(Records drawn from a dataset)
= = =

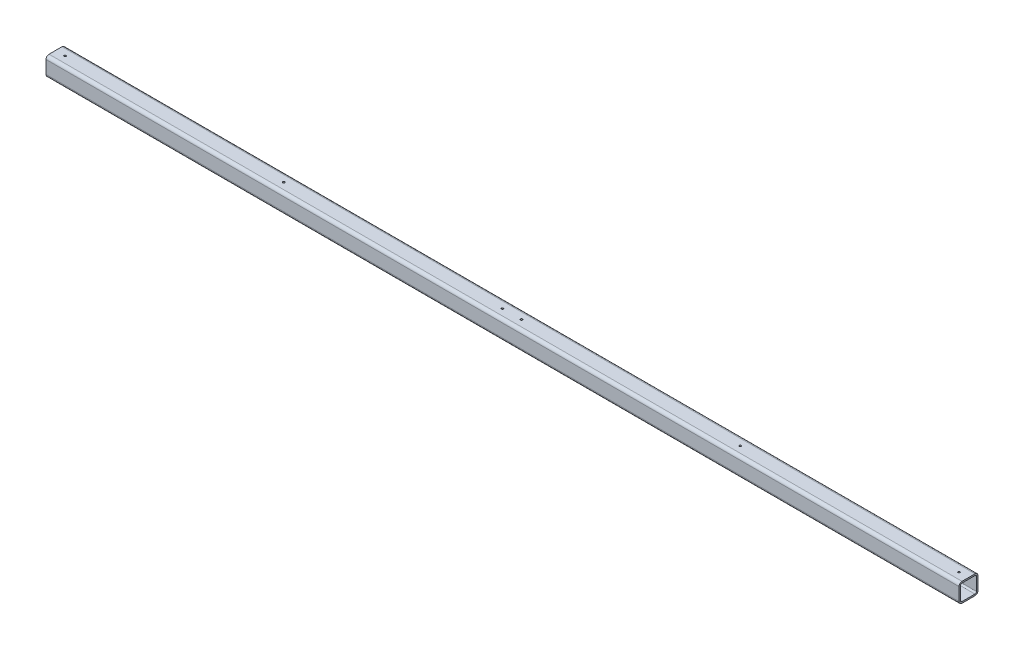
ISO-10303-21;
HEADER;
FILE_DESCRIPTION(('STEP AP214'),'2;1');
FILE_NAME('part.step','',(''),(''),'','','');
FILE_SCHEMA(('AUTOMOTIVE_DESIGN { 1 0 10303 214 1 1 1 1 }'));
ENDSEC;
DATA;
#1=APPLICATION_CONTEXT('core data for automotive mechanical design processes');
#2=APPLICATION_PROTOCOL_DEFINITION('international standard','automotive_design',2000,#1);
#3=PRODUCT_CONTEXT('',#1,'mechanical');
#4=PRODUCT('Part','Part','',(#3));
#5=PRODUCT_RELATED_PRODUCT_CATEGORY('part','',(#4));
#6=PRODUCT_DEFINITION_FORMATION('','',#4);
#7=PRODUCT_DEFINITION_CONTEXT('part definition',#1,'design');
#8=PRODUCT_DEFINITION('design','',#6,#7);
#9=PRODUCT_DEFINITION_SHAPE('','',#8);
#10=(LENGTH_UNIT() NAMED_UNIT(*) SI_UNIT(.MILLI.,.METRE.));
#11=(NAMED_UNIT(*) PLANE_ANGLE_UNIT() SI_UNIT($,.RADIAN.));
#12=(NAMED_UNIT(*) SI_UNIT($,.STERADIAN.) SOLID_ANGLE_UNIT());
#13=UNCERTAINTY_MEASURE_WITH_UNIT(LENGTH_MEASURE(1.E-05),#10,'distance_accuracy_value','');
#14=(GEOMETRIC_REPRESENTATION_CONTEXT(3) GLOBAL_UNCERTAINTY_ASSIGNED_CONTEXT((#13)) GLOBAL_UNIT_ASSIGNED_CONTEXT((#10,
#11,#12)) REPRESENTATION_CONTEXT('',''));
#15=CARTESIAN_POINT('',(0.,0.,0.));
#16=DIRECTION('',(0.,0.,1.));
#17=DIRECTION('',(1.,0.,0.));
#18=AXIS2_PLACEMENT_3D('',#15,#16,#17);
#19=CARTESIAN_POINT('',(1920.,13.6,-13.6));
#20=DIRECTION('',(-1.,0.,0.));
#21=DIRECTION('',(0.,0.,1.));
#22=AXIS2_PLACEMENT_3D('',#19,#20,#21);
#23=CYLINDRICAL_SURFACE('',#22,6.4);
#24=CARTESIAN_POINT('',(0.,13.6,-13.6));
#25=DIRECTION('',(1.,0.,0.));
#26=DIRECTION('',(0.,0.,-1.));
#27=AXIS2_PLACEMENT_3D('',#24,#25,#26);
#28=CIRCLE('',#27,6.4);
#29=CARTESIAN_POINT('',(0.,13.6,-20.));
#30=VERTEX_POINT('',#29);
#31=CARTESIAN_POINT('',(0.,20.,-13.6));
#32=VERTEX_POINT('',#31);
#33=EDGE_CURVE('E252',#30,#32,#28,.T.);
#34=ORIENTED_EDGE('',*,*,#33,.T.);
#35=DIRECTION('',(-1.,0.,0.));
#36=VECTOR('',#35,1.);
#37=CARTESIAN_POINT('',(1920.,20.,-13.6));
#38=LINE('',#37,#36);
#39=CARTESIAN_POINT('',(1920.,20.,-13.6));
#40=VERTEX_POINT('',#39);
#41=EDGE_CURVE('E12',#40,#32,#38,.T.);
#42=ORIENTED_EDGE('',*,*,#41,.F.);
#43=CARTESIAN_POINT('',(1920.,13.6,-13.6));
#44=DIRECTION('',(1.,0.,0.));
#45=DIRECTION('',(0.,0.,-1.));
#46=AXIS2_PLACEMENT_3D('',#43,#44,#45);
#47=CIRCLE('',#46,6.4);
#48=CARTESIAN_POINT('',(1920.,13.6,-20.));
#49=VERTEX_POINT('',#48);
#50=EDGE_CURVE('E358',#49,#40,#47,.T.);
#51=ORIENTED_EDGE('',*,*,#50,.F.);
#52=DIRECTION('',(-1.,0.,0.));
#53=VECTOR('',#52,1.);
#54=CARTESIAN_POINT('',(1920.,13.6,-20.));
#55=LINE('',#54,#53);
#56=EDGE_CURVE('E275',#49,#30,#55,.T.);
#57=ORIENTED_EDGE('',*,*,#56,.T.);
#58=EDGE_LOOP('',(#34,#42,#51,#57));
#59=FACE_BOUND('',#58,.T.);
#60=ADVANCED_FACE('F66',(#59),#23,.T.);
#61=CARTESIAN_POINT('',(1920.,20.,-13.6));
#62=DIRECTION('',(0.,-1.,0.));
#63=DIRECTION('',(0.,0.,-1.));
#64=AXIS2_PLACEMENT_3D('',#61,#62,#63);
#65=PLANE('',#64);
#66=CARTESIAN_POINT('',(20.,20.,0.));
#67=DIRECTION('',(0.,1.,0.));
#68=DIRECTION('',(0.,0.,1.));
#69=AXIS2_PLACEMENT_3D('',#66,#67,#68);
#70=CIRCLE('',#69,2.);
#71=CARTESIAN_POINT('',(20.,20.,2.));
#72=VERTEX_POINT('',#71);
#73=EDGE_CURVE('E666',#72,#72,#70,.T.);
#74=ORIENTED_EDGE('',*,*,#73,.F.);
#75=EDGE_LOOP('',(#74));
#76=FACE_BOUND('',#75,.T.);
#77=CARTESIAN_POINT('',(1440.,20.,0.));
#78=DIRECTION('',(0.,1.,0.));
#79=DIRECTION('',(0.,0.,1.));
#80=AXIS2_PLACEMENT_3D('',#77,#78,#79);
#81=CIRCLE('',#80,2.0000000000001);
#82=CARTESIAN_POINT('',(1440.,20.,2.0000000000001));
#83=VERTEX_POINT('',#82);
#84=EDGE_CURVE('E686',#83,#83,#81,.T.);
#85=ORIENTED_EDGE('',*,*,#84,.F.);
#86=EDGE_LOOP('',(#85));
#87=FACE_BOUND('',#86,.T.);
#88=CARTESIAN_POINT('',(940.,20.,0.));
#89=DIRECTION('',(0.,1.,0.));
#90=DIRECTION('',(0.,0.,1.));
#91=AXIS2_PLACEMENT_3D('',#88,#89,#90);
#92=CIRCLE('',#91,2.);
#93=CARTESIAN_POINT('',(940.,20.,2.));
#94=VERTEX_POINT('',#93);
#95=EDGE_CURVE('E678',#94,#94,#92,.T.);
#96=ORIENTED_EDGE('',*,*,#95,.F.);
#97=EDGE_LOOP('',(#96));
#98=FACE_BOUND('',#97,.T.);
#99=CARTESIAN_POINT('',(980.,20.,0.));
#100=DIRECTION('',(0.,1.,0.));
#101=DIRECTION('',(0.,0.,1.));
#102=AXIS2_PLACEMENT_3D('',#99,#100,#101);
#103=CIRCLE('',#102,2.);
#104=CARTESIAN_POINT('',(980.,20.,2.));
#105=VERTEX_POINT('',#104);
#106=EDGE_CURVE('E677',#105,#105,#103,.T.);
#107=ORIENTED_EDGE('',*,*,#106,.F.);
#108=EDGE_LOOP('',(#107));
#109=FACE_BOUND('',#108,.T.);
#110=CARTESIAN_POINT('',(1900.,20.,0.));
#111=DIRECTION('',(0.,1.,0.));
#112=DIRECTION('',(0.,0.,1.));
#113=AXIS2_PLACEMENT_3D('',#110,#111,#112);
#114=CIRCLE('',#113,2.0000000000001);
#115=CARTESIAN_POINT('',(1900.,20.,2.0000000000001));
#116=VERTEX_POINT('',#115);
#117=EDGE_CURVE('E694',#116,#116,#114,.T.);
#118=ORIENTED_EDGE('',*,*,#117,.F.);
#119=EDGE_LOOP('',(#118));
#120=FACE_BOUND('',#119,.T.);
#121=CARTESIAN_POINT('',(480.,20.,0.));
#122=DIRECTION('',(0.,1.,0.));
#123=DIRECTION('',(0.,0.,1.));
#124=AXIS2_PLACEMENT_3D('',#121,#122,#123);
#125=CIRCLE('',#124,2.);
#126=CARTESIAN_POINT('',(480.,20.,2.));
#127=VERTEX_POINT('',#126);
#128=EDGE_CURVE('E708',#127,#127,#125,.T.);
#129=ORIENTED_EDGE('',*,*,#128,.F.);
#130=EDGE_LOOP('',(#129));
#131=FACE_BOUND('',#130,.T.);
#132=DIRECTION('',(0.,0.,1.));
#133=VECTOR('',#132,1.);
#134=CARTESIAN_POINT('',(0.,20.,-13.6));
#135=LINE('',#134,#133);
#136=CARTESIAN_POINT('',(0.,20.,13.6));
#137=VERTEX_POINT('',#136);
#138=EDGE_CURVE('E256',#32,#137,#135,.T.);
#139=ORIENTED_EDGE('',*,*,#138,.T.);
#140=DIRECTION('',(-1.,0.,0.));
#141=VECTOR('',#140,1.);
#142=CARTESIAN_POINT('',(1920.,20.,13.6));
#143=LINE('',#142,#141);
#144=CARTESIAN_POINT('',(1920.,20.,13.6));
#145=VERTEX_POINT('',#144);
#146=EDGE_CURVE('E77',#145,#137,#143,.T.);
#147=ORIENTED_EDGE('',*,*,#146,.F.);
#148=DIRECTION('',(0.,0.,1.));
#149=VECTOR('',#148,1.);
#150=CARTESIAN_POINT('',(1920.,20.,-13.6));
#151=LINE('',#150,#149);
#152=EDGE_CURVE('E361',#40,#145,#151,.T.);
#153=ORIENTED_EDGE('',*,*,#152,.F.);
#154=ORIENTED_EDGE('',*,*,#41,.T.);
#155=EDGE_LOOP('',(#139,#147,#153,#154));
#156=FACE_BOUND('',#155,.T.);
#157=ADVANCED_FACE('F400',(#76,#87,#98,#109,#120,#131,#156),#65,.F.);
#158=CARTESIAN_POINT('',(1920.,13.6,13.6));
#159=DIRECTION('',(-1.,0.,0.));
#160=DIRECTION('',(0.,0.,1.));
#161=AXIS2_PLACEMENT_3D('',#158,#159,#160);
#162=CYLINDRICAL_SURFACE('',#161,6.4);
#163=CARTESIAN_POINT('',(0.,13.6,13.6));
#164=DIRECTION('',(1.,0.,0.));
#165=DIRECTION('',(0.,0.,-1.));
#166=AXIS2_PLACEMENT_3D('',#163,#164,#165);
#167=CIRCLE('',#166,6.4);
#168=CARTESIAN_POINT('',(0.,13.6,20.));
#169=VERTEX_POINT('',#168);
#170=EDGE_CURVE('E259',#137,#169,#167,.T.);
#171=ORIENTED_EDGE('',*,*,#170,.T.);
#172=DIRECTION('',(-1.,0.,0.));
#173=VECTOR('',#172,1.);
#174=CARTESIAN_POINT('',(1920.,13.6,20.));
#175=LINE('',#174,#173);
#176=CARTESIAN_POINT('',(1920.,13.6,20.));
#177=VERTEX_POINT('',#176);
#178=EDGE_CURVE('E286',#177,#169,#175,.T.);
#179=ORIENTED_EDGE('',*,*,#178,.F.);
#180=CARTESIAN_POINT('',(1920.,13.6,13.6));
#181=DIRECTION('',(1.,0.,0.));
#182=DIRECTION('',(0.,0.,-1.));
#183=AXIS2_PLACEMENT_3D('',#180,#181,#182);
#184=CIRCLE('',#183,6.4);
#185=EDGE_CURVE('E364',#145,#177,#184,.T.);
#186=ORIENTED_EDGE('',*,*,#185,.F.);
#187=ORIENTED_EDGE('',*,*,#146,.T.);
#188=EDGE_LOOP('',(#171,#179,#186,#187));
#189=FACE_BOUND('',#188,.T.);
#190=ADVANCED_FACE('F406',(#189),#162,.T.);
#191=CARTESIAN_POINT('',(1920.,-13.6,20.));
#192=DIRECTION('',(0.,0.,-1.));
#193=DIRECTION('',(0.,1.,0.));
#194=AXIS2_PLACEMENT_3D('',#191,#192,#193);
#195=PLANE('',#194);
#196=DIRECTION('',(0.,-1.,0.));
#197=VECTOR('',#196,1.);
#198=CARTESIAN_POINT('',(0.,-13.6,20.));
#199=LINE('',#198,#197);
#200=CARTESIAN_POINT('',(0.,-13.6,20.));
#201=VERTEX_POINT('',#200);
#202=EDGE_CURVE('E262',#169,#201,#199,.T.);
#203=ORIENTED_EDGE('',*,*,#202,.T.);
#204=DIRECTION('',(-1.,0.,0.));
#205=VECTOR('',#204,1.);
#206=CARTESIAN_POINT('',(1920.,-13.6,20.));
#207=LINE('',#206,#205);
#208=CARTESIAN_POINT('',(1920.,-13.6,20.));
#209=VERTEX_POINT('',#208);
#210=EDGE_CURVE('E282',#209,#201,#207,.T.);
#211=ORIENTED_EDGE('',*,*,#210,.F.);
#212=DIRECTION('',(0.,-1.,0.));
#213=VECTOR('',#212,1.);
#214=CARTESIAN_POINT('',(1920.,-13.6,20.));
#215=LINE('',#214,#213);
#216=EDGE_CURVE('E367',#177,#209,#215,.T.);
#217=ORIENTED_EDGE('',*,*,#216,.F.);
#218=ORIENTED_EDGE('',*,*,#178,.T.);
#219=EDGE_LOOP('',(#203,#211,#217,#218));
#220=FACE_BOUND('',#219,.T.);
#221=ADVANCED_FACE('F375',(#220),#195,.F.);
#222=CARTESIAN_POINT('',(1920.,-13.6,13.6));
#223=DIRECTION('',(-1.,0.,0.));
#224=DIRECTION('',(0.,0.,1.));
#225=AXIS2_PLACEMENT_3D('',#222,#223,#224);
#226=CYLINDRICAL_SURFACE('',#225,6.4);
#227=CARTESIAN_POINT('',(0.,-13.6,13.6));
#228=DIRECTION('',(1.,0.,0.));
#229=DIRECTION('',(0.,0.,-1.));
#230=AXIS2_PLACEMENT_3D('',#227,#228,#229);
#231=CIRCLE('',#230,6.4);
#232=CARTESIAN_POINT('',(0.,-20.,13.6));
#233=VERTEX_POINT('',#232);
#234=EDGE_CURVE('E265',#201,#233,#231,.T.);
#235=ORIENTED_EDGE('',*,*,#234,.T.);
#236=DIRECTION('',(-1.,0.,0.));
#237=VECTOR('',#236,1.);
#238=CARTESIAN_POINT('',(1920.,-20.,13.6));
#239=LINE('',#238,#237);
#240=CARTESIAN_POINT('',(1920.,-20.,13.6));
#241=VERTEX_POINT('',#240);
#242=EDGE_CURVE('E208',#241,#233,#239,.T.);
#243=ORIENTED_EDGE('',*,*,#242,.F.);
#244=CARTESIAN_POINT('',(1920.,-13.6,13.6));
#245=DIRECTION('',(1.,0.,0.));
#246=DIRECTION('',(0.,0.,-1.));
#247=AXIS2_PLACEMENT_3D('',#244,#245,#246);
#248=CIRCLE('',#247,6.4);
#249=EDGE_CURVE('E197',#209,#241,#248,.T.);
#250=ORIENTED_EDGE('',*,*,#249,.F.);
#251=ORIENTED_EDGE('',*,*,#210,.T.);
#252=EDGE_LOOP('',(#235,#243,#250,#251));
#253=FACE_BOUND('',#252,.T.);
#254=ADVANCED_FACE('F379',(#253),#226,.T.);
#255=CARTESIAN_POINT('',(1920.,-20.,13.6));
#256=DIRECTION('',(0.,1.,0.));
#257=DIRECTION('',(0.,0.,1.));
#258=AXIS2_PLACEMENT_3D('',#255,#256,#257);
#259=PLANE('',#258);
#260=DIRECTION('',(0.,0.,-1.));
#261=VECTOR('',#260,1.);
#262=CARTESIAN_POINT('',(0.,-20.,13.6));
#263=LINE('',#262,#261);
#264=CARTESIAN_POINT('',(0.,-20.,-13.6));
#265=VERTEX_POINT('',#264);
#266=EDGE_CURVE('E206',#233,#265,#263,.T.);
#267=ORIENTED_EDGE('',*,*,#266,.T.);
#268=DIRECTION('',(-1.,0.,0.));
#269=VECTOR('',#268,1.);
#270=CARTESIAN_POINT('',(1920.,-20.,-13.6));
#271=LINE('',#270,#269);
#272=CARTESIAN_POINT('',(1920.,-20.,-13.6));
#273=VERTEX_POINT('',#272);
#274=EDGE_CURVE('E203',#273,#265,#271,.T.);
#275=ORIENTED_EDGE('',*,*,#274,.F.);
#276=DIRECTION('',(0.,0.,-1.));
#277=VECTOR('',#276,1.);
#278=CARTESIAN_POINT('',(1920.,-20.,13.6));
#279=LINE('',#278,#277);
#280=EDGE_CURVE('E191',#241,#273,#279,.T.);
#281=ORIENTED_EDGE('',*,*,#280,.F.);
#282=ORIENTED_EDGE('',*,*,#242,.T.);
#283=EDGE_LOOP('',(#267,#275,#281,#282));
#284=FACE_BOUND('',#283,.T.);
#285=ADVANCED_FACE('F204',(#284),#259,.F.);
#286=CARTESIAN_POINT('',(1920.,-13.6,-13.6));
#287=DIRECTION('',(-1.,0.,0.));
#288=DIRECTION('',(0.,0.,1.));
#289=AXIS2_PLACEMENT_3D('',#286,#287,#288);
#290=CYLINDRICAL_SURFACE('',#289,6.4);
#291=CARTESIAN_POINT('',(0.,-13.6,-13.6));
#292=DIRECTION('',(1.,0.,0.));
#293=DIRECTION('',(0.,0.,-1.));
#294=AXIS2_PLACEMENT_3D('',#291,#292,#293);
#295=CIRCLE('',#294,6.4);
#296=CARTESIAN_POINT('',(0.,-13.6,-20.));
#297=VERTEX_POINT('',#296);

= = =

◆ **About this task**
Up to and including the line that contains "#12=(NAMED_UNIT(*) SI_UNIT($,.STERADIAN.) SOLID_ANGLE_UNIT());", print the records above exactly from their first line, without any pictures.

◆ **Finished exercise**
ISO-10303-21;
HEADER;
FILE_DESCRIPTION(('STEP AP214'),'2;1');
FILE_NAME('part.step','',(''),(''),'','','');
FILE_SCHEMA(('AUTOMOTIVE_DESIGN { 1 0 10303 214 1 1 1 1 }'));
ENDSEC;
DATA;
#1=APPLICATION_CONTEXT('core data for automotive mechanical design processes');
#2=APPLICATION_PROTOCOL_DEFINITION('international standard','automotive_design',2000,#1);
#3=PRODUCT_CONTEXT('',#1,'mechanical');
#4=PRODUCT('Part','Part','',(#3));
#5=PRODUCT_RELATED_PRODUCT_CATEGORY('part','',(#4));
#6=PRODUCT_DEFINITION_FORMATION('','',#4);
#7=PRODUCT_DEFINITION_CONTEXT('part definition',#1,'design');
#8=PRODUCT_DEFINITION('design','',#6,#7);
#9=PRODUCT_DEFINITION_SHAPE('','',#8);
#10=(LENGTH_UNIT() NAMED_UNIT(*) SI_UNIT(.MILLI.,.METRE.));
#11=(NAMED_UNIT(*) PLANE_ANGLE_UNIT() SI_UNIT($,.RADIAN.));
#12=(NAMED_UNIT(*) SI_UNIT($,.STERADIAN.) SOLID_ANGLE_UNIT());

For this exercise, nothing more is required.